Similarly, he appears to be moderating his more aggressive policies. He had heralded the “Broken Windows” theory, which holds that, if minor crimes are not addressed, major crimes will follow.
Earlier this year, Bratton brought back Broken Windows author George Kelling as a consultant. Kelling’s tour of the subways led Bratton to promise a crackdown on subway panhandlers and acrobatic dancers. Since then, Bratton has toned down his rhetoric. Now, he says, the dancers could perform in “designated spaces,” although not in subway cars.
Meanwhile, he finds himself in an increasingly ambivalent position as de Blasio supporters continue to criticize the police for past actions.
A group of mothers whose sons were killed by police over the past two decades want the feds and the NYPD’s inspector general to investigate what they say is a pattern of excessive force against young blacks and Latinos.
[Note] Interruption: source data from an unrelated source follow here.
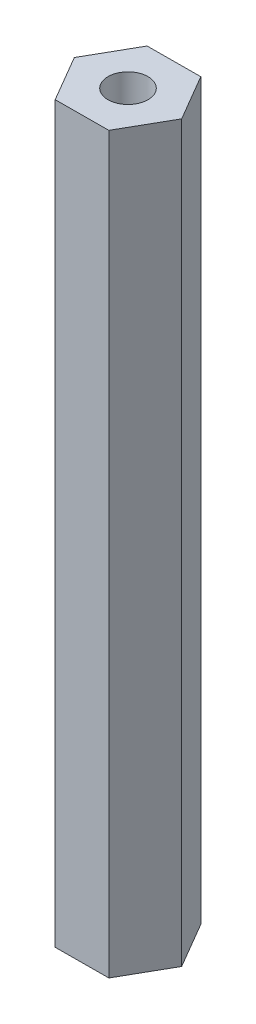
from build123d import *

# Parameters (mm, degrees)
SKETCH1_R           = 1.5
BOSS_EXTRUDE1_DEPTH = 55


with BuildPart() as part:
    # Sketch1 → Boss-Extrude1 (new body)
    with BuildSketch(Plane(origin=(0, 0, 0), x_dir=(1, 0, 0), z_dir=(0, 1, 0))):
        Polygon((-1.981057294, -3.474969352), (2.018883089, -3.453130619), (3.999940383, 0.021838733), (1.981057294, 3.474969352), (-2.018883089, 3.453130619), (-3.999940383, -0.021838733), align=None)
        with Locations(Location((0, 0, 0), (0, 0, 270))):
            Circle(SKETCH1_R, mode=Mode.SUBTRACT)
    extrude(amount=BOSS_EXTRUDE1_DEPTH)


solid = part.part
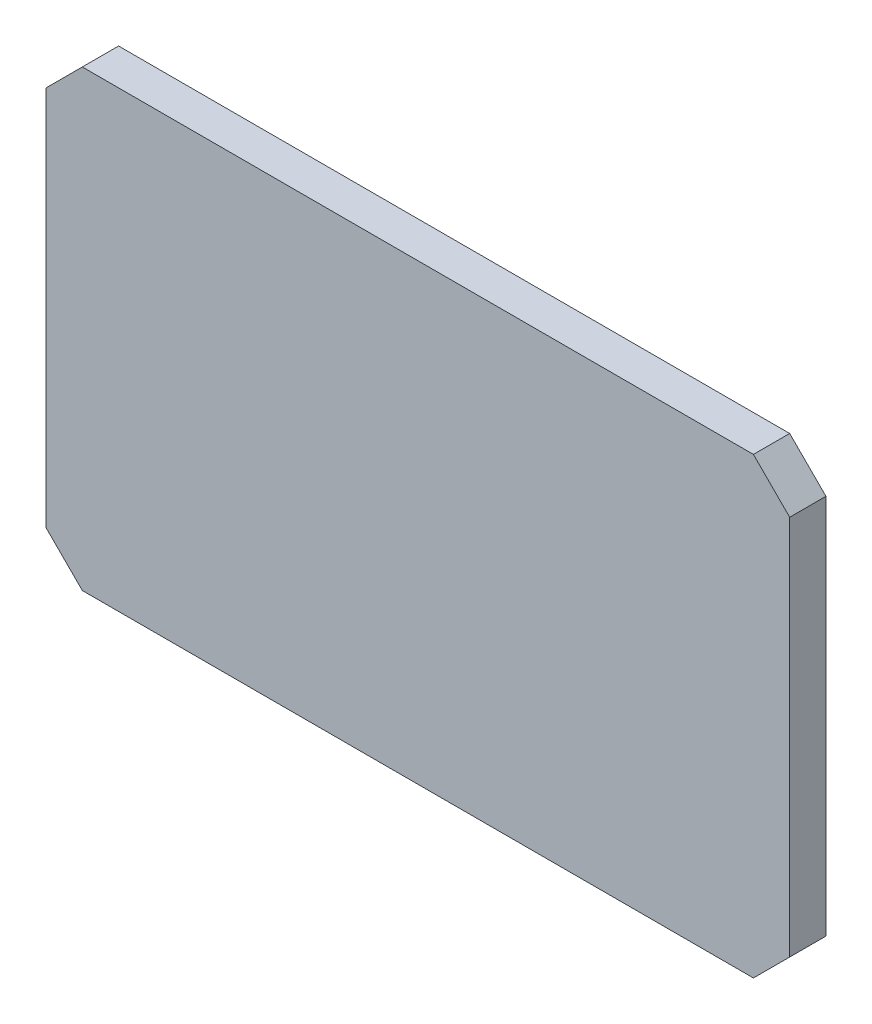
from build123d import *

# Parameters (mm, degrees)
BOSS_EXTRUDE1_DEPTH = 2
CUT_EXTRUDE2_DEPTH  = 1


with BuildPart() as part:
    # Sketch3 → Boss-Extrude1 (new body)
    with BuildSketch(Plane.XY):
        Polygon((146.625606574, 159.719339874), (183.625606574, 159.719339874), (185.625606574, 157.719339874), (185.625606574, 136.719339874), (183.625606574, 134.719339874), (146.625606574, 134.719339874), (144.625606574, 136.719339874), (144.625606574, 157.719339874), align=None)
    extrude(amount=BOSS_EXTRUDE1_DEPTH)

    # Sketch4 → Cut-Extrude2 (cut)
    with BuildSketch(Plane.XY):
        with BuildLine():
            Line((183.985590549, 149.719355145), (183.985590549, 144.719355145))
            ThreePointArc((183.985590549, 144.719355145), (182.485590549, 143.219355145), (180.985590549, 144.719355145))
            Line((180.985590549, 144.719355145), (180.985590549, 146.219355145))
            Line((180.985590549, 146.219355145), (172.842061199, 146.219355145))
            Line((172.842061199, 146.219355145), (168.466892344, 142.221525657))
            ThreePointArc((168.466892344, 142.221525657), (164.985590549, 140.717307295), (161.504288754, 142.221525657))
            Line((161.504288754, 142.221525657), (156.8366409, 146.486989717))
            ThreePointArc((156.8366409, 146.486989717), (156.485875357, 147.242486304), (156.873407646, 147.979799185))
            Line((156.873407646, 147.979799185), (161.520046065, 152.231799364))
            ThreePointArc((161.520046065, 152.231799364), (164.985590549, 153.719355145), (168.451135032, 152.231799364))
            Line((168.451135032, 152.231799364), (172.836292086, 148.219355145))
            Line((172.836292086, 148.219355145), (180.985590549, 148.219355145))
            Line((180.985590549, 148.219355145), (180.985590549, 149.719355145))
            ThreePointArc((180.985590549, 149.719355145), (182.485590549, 151.219355145), (183.985590549, 149.719355145))
        make_face()
    extrude(amount=CUT_EXTRUDE2_DEPTH, mode=Mode.SUBTRACT)


solid = part.part
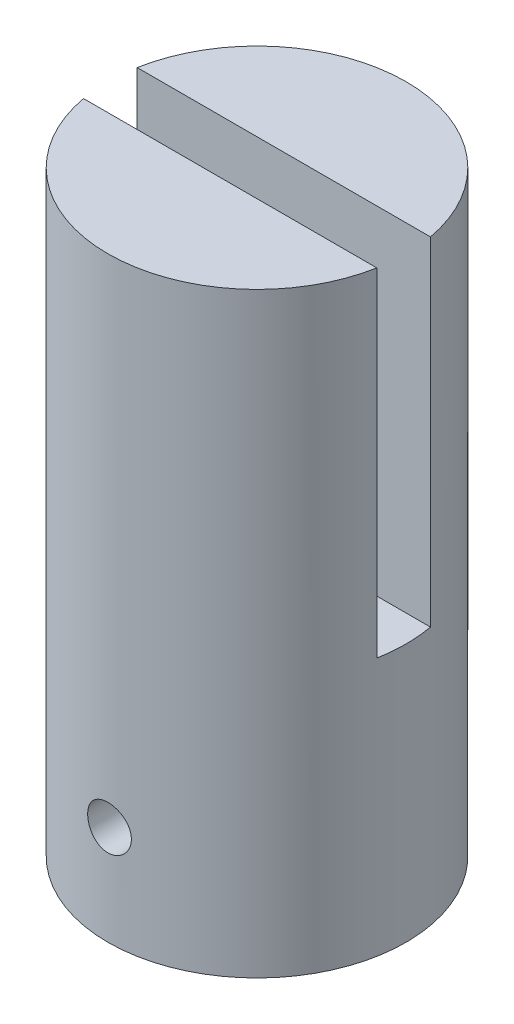
from build123d import *

# Parameters (mm, degrees)
SKETCH1_R               = 7.5
SKETCH1_R_2             = 2.5
BOSS_EXTRUDE1_DEPTH     = 10
BOSS_EXTRUDE2_START     = 20
SKETCH1_3_R             = 7.5
BOSS_EXTRUDE2_DEPTH     = 20
CUT_EXTRUDE1_DEPTH      = 17
CUT_EXTRUDE2_DEPTH      = 23.638462845
CUT_EXTRUDE2_DEPTH_BACK = 23.638462845
SKETCH3_R               = 1.1


with BuildPart() as part:
    # Sketch1 → Boss-Extrude1 (new body)
    with BuildSketch(Plane(origin=(0, 0, 0), x_dir=(1, 0, 0), z_dir=(0, 1, 0))):
        Circle(SKETCH1_R)
        Circle(SKETCH1_R_2, mode=Mode.SUBTRACT)
    extrude(amount=-BOSS_EXTRUDE1_DEPTH)

    # Sketch1<3> → Boss-Extrude2 (add)
    with BuildSketch(Plane(origin=(0, 0, 0), x_dir=(1, 0, 0), z_dir=(0, 1, 0)).offset(BOSS_EXTRUDE2_START)):
        Circle(SKETCH1_3_R)
    extrude(amount=-BOSS_EXTRUDE2_DEPTH)

    # Sketch2 → Cut-Extrude1 (cut)
    with BuildSketch(Plane(origin=(0, 20, 0), x_dir=(1, 0, 0), z_dir=(0, 1, 0))):
        with BuildLine():
            Line((-7.377499576, 1.35), (7.377499576, 1.35))
            ThreePointArc((7.377499576, 1.35), (7.5, 0), (7.377499576, -1.35))
            Line((7.377499576, -1.35), (-7.377499576, -1.35))
            ThreePointArc((-7.377499576, -1.35), (-7.5, 0), (-7.377499576, 1.35))
        make_face()
    extrude(amount=-CUT_EXTRUDE1_DEPTH, mode=Mode.SUBTRACT)

    # Sketch3 → Cut-Extrude2 (cut, two sides: drawn at the far end of the back side and taken through both)
    with BuildSketch(Plane.XY.offset(-CUT_EXTRUDE2_DEPTH_BACK)):
        with Locations((0, -5)):
            Circle(SKETCH3_R)
    extrude(amount=CUT_EXTRUDE2_DEPTH + CUT_EXTRUDE2_DEPTH_BACK, mode=Mode.SUBTRACT)


solid = part.part
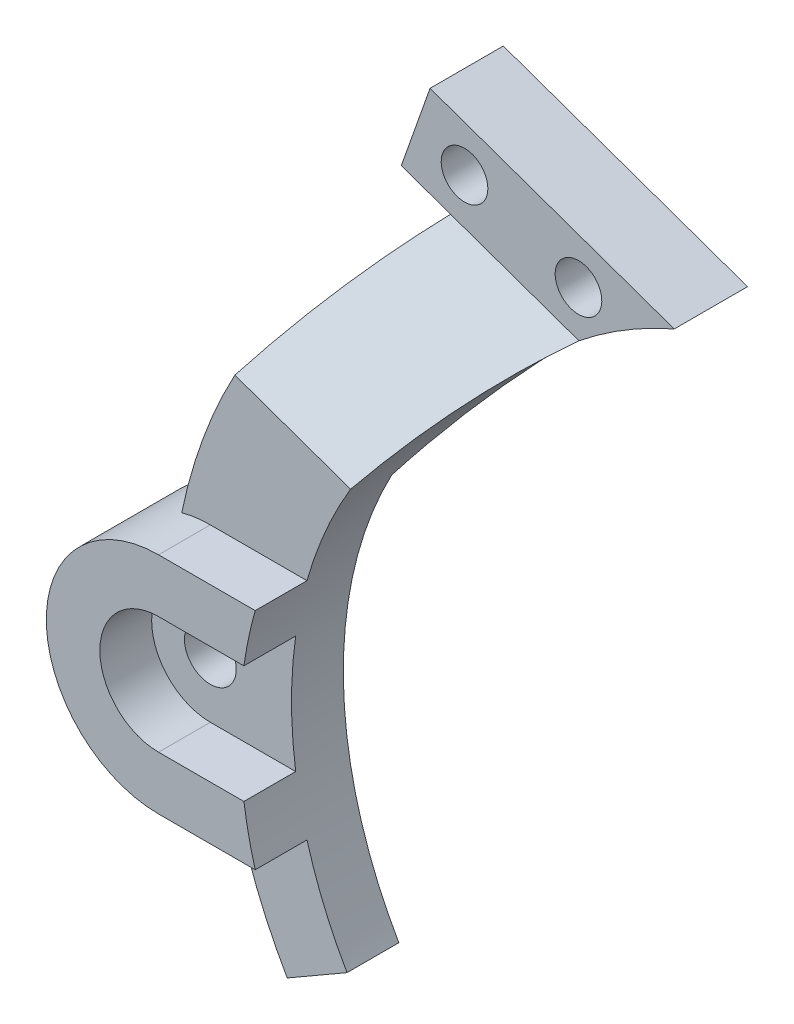
from build123d import *

# Parameters (mm, degrees)
RESSALTO_EXTRUS_O1_DEPTH   = 15
ESBO_O1_3_R                = 1.5
RESSALTO_EXTRUS_O2_DEPTH   = 12
ESBO_O1_4_R                = 1.35
RESSALTO_EXTRUS_O3_DEPTH   = 12
CORTE_EXTRUS_O1_DEPTH      = 38.624816903
CORTE_EXTRUS_O1_DEPTH_BACK = 38.624816903


with BuildPart() as part:
    # Esboço1 → Ressalto-extrusão1 (new body)
    with BuildSketch(Plane.XY):
        with BuildLine():
            ThreePointArc((0, -3.4), (-3.4, 0), (0, 3.4))
            Line((0, 3.4), (4.942053961, 3.4))
            ThreePointArc((4.942053961, 3.4), (5.218299225, 4.96081936), (5.596969896, 6.5))
            Line((5.596969896, 6.5), (0, 6.5))
            ThreePointArc((0, 6.5), (-0.834966341, 6.446148556), (-1.656097561, 6.285486526))
            ThreePointArc((-1.656097561, 6.285486526), (-6.446148556, -0.834966341), (0, -6.5))
            Line((0, -6.5), (1.464912337, -6.5))
            Line((1.464912337, -6.5), (5.596969896, -6.5))
            ThreePointArc((5.596969896, -6.5), (5.218299225, -4.96081936), (4.942053961, -3.4))
            Line((4.942053961, -3.4), (0, -3.4))
        make_face()
    extrude(amount=RESSALTO_EXTRUS_O1_DEPTH)

    # Esboço1<3> → Ressalto-extrusão2 (add)
    with BuildSketch(Plane.XY):
        with BuildLine():
            Line((4.942053961, 3.4), (0, 3.4))
            ThreePointArc((0, 3.4), (-3.4, 0), (0, -3.4))
            Line((0, -3.4), (4.942053961, -3.4))
            ThreePointArc((4.942053961, -3.4), (4.7, 0), (4.942053961, 3.4))
        make_face()
        Circle(ESBO_O1_3_R, mode=Mode.SUBTRACT)
    extrude(amount=RESSALTO_EXTRUS_O2_DEPTH)

    # Esboço1<4> → Ressalto-extrusão3 (add)
    # profile 1 of 2: a face of its own
    with BuildSketch(Plane.XY):
        with BuildLine():
            Line((0, 6.5), (5.596969896, 6.5))
            ThreePointArc((5.596969896, 6.5), (10.608614203, 15.770280909), (19.108336953, 22))
            Line((19.108336953, 22), (4.96620133, 27))
            Line((4.96620133, 27), (3.299534663, 22.285954792))
            Line((3.299534663, 22.285954792), (6.154368486, 21.276618614))
            ThreePointArc((6.154368486, 21.276618614), (1.207605686, 14.323695574), (-1.656097561, 6.285486526))
            ThreePointArc((-1.656097561, 6.285486526), (-0.834966341, 6.446148556), (0, 6.5))
        make_face()
        with Locations((6.961295121, 23.642977396)):
            Circle(ESBO_O1_4_R, mode=Mode.SUBTRACT)
        with Locations((13.560958412, 21.309644063)):
            Circle(ESBO_O1_4_R, mode=Mode.SUBTRACT)
    # profile 2 of 2: a face of its own
    with BuildSketch(Plane.XY):
        with BuildLine():
            ThreePointArc((7.915390309, -12), (6.584536367, -9.322353153), (5.596969896, -6.5))
            Line((5.596969896, -6.5), (1.464912337, -6.5))
            ThreePointArc((1.464912337, -6.5), (2.686390311, -10.358190524), (4.451288694, -14))
            Line((4.451288694, -14), (7.915390309, -12))
        make_face()
    extrude(amount=RESSALTO_EXTRUS_O3_DEPTH)

    # Esboço2 → Corte-extrusão1 (cut, two sides: drawn at the far end of the back side and taken through both)
    with BuildSketch(Plane(origin=(-4.070880192, 1.439273495, 0), x_dir=(0, 0, 1), z_dir=(-0.9428090415820632, 0.33333333333333404, 0)).offset(-CORTE_EXTRUS_O1_DEPTH_BACK)):
        Polygon((0, -11.715563684), (9, -11.715563684), (9, 13.111244566), (0, 22.111244566), align=None)
        Polygon((4.242640687, 27.111244566), (4.242640687, 22.111244566), (12, 14.353885253), (12, 27.111244566), align=None)
    extrude(amount=CORTE_EXTRUS_O1_DEPTH + CORTE_EXTRUS_O1_DEPTH_BACK, mode=Mode.SUBTRACT)


solid = part.part

Bratton, though, has said he’s “comfortable that all of those cases are exhaustively investigated by us, by the appropriate district attorneys’ offices.”
This time around, Bratton seems to be less hands-on than in his previous tenure as commissioner. He recently traveled to Florida, attended the White House Correspondents’ dinner in Washington, and last Friday winged off to Israel with his counter-terrorism chief, John Miller.
What was it that Dinkins’ first police commissioner, Lee Brown, was disparagingly called? It was “Out of Town Brown.”
“You have to understand, the guy never broke a sweat. He’s a guy who manages talent, who is a ‘thought’ leader. He surrounds himself with people who share his vision. He leaves it to others to execute,” a former top NYPD official said of Bratton.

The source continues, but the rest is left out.